Source [Le Point] La cathédrale de Paris est sauvée. Mais tant de bâtiments flambent dans l’indifférence. Le président de la Fondation du patrimoine alerte.
En mai 2019, un mois après l'incendie de Notre-Dame, Guillaume Poitrinal, le président de la Fondation du patrimoine (désignée par l'État comme l'un des quatre organismes collecteurs de dons au profit de la cathédrale sinistrée), s'attire brusquement le courroux du ministre de la Culture Franck Riester, du général Jean-Louis Georgelin et de l'archevêque de Paris Mgr Aupetit. Que lui reprochent ces trois personnages qui ne sont pourtant, depuis le lancement du grand projet de restauration, que rarement d'accord ? D'avoir mis fin, du jour au lendemain, à la collecte de sa fondation.
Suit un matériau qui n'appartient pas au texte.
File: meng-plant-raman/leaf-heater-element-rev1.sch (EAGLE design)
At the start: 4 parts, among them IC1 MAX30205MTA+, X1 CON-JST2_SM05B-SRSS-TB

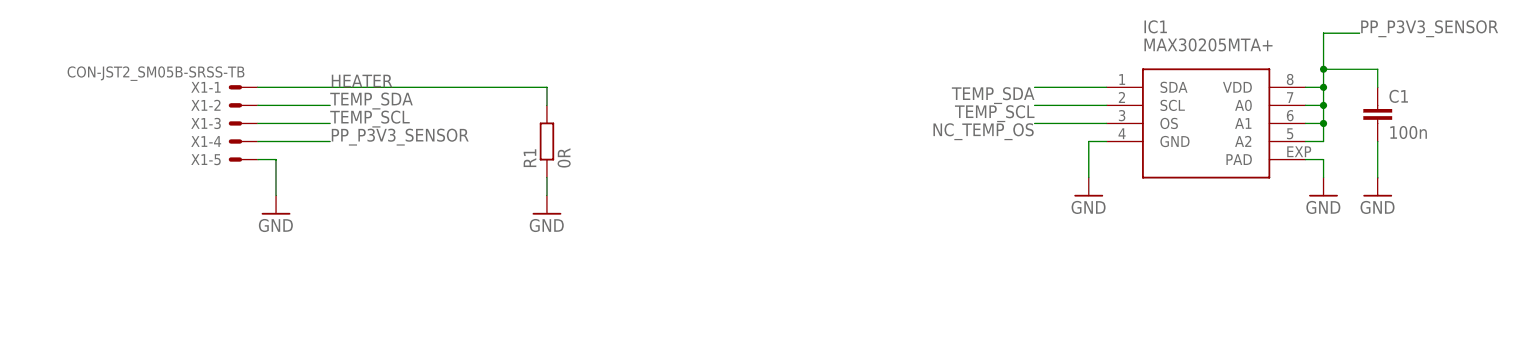
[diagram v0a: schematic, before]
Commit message: Updated leaf heaters with 6-pin JST SH
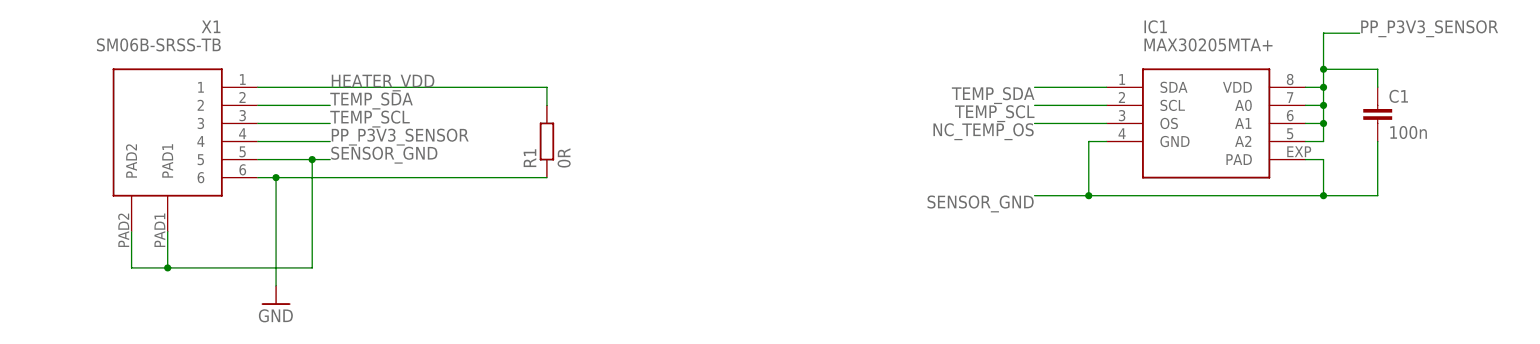
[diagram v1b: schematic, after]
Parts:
- X1: value CON-JST2_SM05B-SRSS-TB -> SM06B-SRSS-TB; device cheetah_driver_2:CON-JST2_SM05B-SRSS-TB -> meng-plant-raman:JST-SH-6PIN
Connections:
- removed net HEATER: R1.2, X1-1.S
- new net HEATER_VDD: R1.2, X1.1
- new net SENSOR_GND: C1.2, IC1.GND, IC1.PAD, X1.5, X1.PAD1, X1.PAD2
- net GND: now also X1.6; no longer C1.2, IC1.GND, IC1.PAD, X1-5.S
- net PP_P3V3_SENSOR: now also X1.4; no longer X1-4.S
- net TEMP_SCL: now also X1.3; no longer X1-3.S
- net TEMP_SDA: now also X1.2; no longer X1-2.S
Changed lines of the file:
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@@
 <?xml version="1.0" encoding="utf-8"?>
 <!DOCTYPE eagle SYSTEM "eagle.dtd">
-<eagle version="8.4.1">
+<eagle version="9.0.0">
 <drawing>
 <settings>
@@
 <part name="FRAME1" library="frames" library_urn="urn:adsk.eagle:library:229" deviceset="FRAME_A_L" device=""/>
 <part name="IC1" library="meng-plant-raman" deviceset="MAX30205" device="MTA+"/>
-<part name="GND1" library="supply1" library_urn="urn:adsk.eagle:library:371" deviceset="GND" device=""/>
 <part name="C1" library="rcl" library_urn="urn:adsk.eagle:library:334" deviceset="C-EU" device="C0402" package3d_urn="urn:adsk.eagle:package:23626/1" value="100n"/>
-<part name="GND3" library="supply1" library_urn="urn:adsk.eagle:library:371" deviceset="GND" device=""/>
-<part name="GND2" library="supply1" library_urn="urn:adsk.eagle:library:371" deviceset="GND" device=""/>
-<part name="X1" library="cheetah_driver_2" deviceset="CON-JST2_?M05B-SRSS-TB" device="S"/>
-<part name="GND4" library="supply1" library_urn="urn:adsk.eagle:library:371" deviceset="GND" device=""/>
 <part name="R1" library="rcl" library_urn="urn:adsk.eagle:library:334" deviceset="R-EU_" device="R0603" package3d_urn="urn:adsk.eagle:package:23555/2" value="0R"/>
+<part name="X1" library="meng-plant-raman" deviceset="JST-SH-6PIN" device="" value="SM06B-SRSS-TB"/>
 <part name="GND5" library="supply1" library_urn="urn:adsk.eagle:library:371" deviceset="GND" device=""/>
 </parts>
@@
 <instance part="FRAME1" gate="G$2" x="172.72" y="0"/>
 <instance part="IC1" gate="G$1" x="175.26" y="124.46"/>
-<instance part="GND1" gate="1" x="160.02" y="114.3"/>
 <instance part="C1" gate="G$1" x="200.66" y="127"/>
-<instance part="GND3" gate="1" x="200.66" y="114.3"/>
-<instance part="GND2" gate="1" x="193.04" y="114.3"/>
-<instance part="X1" gate="-1" x="40.64" y="129.54" rot="MR0"/>
-<instance part="X1" gate="-2" x="40.64" y="127" rot="MR0"/>
-<instance part="X1" gate="-3" x="40.64" y="124.46" rot="MR0"/>
-<instance part="X1" gate="-4" x="40.64" y="121.92" rot="MR0"/>
-<instance part="X1" gate="-5" x="40.64" y="119.38" rot="MR0"/>
-<instance part="GND4" gate="1" x="45.72" y="111.76"/>
 <instance part="R1" gate="G$1" x="83.82" y="121.92" rot="R90"/>
-<instance part="GND5" gate="1" x="83.82" y="111.76"/>
+<instance part="X1" gate="G$1" x="38.1" y="114.3" rot="MR0"/>
+<instance part="GND5" gate="1" x="45.72" y="99.06"/>
 </instances>
 <busses>
@@
 <net name="GND" class="0">
 <segment>
-<pinref part="GND1" gate="1" pin="GND"/>
-<wire x1="160.02" y1="116.84" x2="160.02" y2="121.92" width="0.1524" layer="91"/>
-<pinref part="IC1" gate="G$1" pin="GND"/>
-<wire x1="160.02" y1="121.92" x2="162.56" y2="121.92" width="0.1524" layer="91"/>
-</segment>
-<segment>
-<pinref part="GND3" gate="1" pin="GND"/>
-<wire x1="200.66" y1="116.84" x2="200.66" y2="121.92" width="0.1524" layer="91"/>
-<pinref part="C1" gate="G$1" pin="2"/>
-</segment>
-<segment>
-<pinref part="IC1" gate="G$1" pin="PAD"/>
-<wire x1="190.5" y1="119.38" x2="193.04" y2="119.38" width="0.1524" layer="91"/>
-<wire x1="193.04" y1="119.38" x2="193.04" y2="116.84" width="0.1524" layer="91"/>
-<pinref part="GND2" gate="1" pin="GND"/>
-</segment>
-<segment>
-<pinref part="X1" gate="-5" pin="S"/>
-<pinref part="GND4" gate="1" pin="GND"/>
-<wire x1="43.18" y1="119.38" x2="45.72" y2="119.38" width="0.1524" layer="91"/>
-<wire x1="45.72" y1="119.38" x2="45.72" y2="114.3" width="0.1524" layer="91"/>
-</segment>
-<segment>
 <pinref part="GND5" gate="1" pin="GND"/>
+<wire x1="45.72" y1="101.6" x2="45.72" y2="116.84" width="0.1524" layer="91"/>
+<pinref part="X1" gate="G$1" pin="6"/>
+<wire x1="45.72" y1="116.84" x2="43.18" y2="116.84" width="0.1524" layer="91"/>
 <pinref part="R1" gate="G$1" pin="1"/>
-<wire x1="83.82" y1="114.3" x2="83.82" y2="116.84" width="0.1524" layer="91"/>
+<wire x1="45.72" y1="116.84" x2="83.82" y2="116.84" width="0.1524" layer="91"/>
+<junction x="45.72" y="116.84"/>
 </segment>
 </net>
@@
 </segment>
 <segment>
-<pinref part="X1" gate="-4" pin="S"/>
 <wire x1="43.18" y1="121.92" x2="53.34" y2="121.92" width="0.1524" layer="91"/>
 <label x="53.34" y="121.92" size="1.778" layer="95"/>
+<pinref part="X1" gate="G$1" pin="4"/>
 </segment>
 </net>
@@
 </segment>
 <segment>
-<pinref part="X1" gate="-2" pin="S"/>
 <wire x1="43.18" y1="127" x2="53.34" y2="127" width="0.1524" layer="91"/>
 <label x="53.34" y="127" size="1.778" layer="95"/>
+<pinref part="X1" gate="G$1" pin="2"/>
 </segment>
 </net>
@@
 </segment>
 <segment>
-<pinref part="X1" gate="-3" pin="S"/>
 <wire x1="43.18" y1="124.46" x2="53.34" y2="124.46" width="0.1524" layer="91"/>
 <label x="53.34" y="124.46" size="1.778" layer="95"/>
+<pinref part="X1" gate="G$1" pin="3"/>
 </segment>
 </net>
@@
 </segment>
 </net>
-<net name="HEATER" class="0">
-<segment>
-<pinref part="X1" gate="-1" pin="S"/>
+<net name="HEATER_VDD" class="0">
+<segment>
 <label x="53.34" y="129.54" size="1.778" layer="95"/>
 <wire x1="43.18" y1="129.54" x2="83.82" y2="129.54" width="0.1524" layer="91"/>
 <wire x1="83.82" y1="129.54" x2="83.82" y2="127" width="0.1524" layer="91"/>
 <pinref part="R1" gate="G$1" pin="2"/>
-</segment>
-</net>
+<pinref part="X1" gate="G$1" pin="1"/>
+</segment>
+</net>
+<net name="SENSOR_GND" class="0">
+<segment>
+<pinref part="X1" gate="G$1" pin="5"/>
+<wire x1="43.18" y1="119.38" x2="50.8" y2="119.38" width="0.1524" layer="91"/>
+<label x="53.34" y="119.38" size="1.778" layer="95"/>
+<pinref part="X1" gate="G$1" pin="PAD2"/>
+<wire x1="50.8" y1="119.38" x2="53.34" y2="119.38" width="0.1524" layer="91"/>
+<wire x1="25.4" y1="109.22" x2="25.4" y2="104.14" width="0.1524" layer="91"/>
+<wire x1="25.4" y1="104.14" x2="30.48" y2="104.14" width="0.1524" layer="91"/>
+<pinref part="X1" gate="G$1" pin="PAD1"/>
+<wire x1="30.48" y1="104.14" x2="30.48" y2="109.22" width="0.1524" layer="91"/>
+<wire x1="30.48" y1="104.14" x2="50.8" y2="104.14" width="0.1524" layer="91"/>
+<wire x1="50.8" y1="104.14" x2="50.8" y2="119.38" width="0.1524" layer="91"/>
+<junction x="30.48" y="104.14"/>
+<junction x="50.8" y="119.38"/>
+</segment>
+<segment>
+<wire x1="160.02" y1="114.3" x2="160.02" y2="121.92" width="0.1524" layer="91"/>
+<pinref part="IC1" gate="G$1" pin="GND"/>
+<wire x1="160.02" y1="121.92" x2="162.56" y2="121.92" width="0.1524" layer="91"/>
+<wire x1="160.02" y1="114.3" x2="193.04" y2="114.3" width="0.1524" layer="91"/>
+<pinref part="IC1" gate="G$1" pin="PAD"/>
+<wire x1="190.5" y1="119.38" x2="193.04" y2="119.38" width="0.1524" layer="91"/>
+<wire x1="193.04" y1="114.3" x2="193.04" y2="119.38" width="0.1524" layer="91"/>
+<wire x1="193.04" y1="114.3" x2="200.66" y2="114.3" width="0.1524" layer="91"/>
+<wire x1="200.66" y1="114.3" x2="200.66" y2="121.92" width="0.1524" layer="91"/>
+<pinref part="C1" gate="G$1" pin="2"/>
+<wire x1="160.02" y1="114.3" x2="152.4" y2="114.3" width="0.1524" layer="91"/>
+<label x="152.4" y="114.3" size="1.778" layer="95" rot="R180"/>
+<junction x="160.02" y="114.3"/>
+<junction x="193.04" y="114.3"/>
+</segment>
+</net>

Guillaume Poitrinal estime en effet avoir largement fait « le plein » de dons, et s'agace de cet afflux d'argent délirant au seul profit de Notre-Dame – dont l'état déplorable, avant l'incendie, n'intéressait pas grand monde – quand tellement de bâtiments anciens nécessitent eux aussi soins, entretien, sauvetage. Mais il n'est jamais aisé d'aller contre le vent, et Poitrinal, qui a osé tenter de détourner un peu l'attention médiatique de l'objet très politique qu'est devenue la star de l'île de la Cité, se voit alors vertement reprocher sa supposée irresponsabilité… Deux ans plus tard, la cathédrale, on le sait, est heureusement en voie d'être sauvée. Mais de trop nombreux incendies ont abîmé, dans l'indifférence à peu près générale, d'autres bâtiments patrimoniaux, certes moins grandioses, mais que l'on aurait pu, avec un peu d'investissement, préserver du désastre. Interview
Le Point : Aujourd'hui, Notre-Dame est sauvée et les travaux de restauration seront bientôt lancés. N'est-ce pas une immense victoire ?
Guillaume Poitrinal : Il y a deux ans, cet incendie a suscité une émotion mondiale et un élan de générosité sans précédent. Plus de 830 millions d'euros ont été collectés auprès de 340 000 donateurs particuliers, entreprises et grands mécènes pour permettre à cette icône du patrimoine mondial de renaître de ses cendres. C'est formidable ! Mais cette grande réussite collective ne doit pas nous aveugler. Les soins infinis dont nous entourons, à grands frais, la première de nos cathédrales masquent l'état de négligence du reste de notre patrimoine. Notre-Dame est l'arbre qui cache la forêt : de nombreuses églises, abbayes, basiliques, cathédrales de banlieue ou de province, et d'autres bâtiments publics ou privés, religieux ou pas, connaissent les mêmes périls que Notre-Dame avant son incendie. Aux quatre coins de France, nous laissons notre patrimoine brûler : il y a un an la cathédrale Saint-Pierre-et-Saint-Paul de Nantes, en janvier l'église Saint-Christophe de Voutezac (Corrèze), il y a un mois la collégiale Saint-Nicolas d'Avesnes-sur-Helpe (Nord), il y a quinze jours l'église Saint-Pierre de Romilly-la-Puthenaye (Eure), et la semaine dernière l'hôtel de Dion, ancienne école d'infirmières de Saint-Omer (Pas-de-Calais).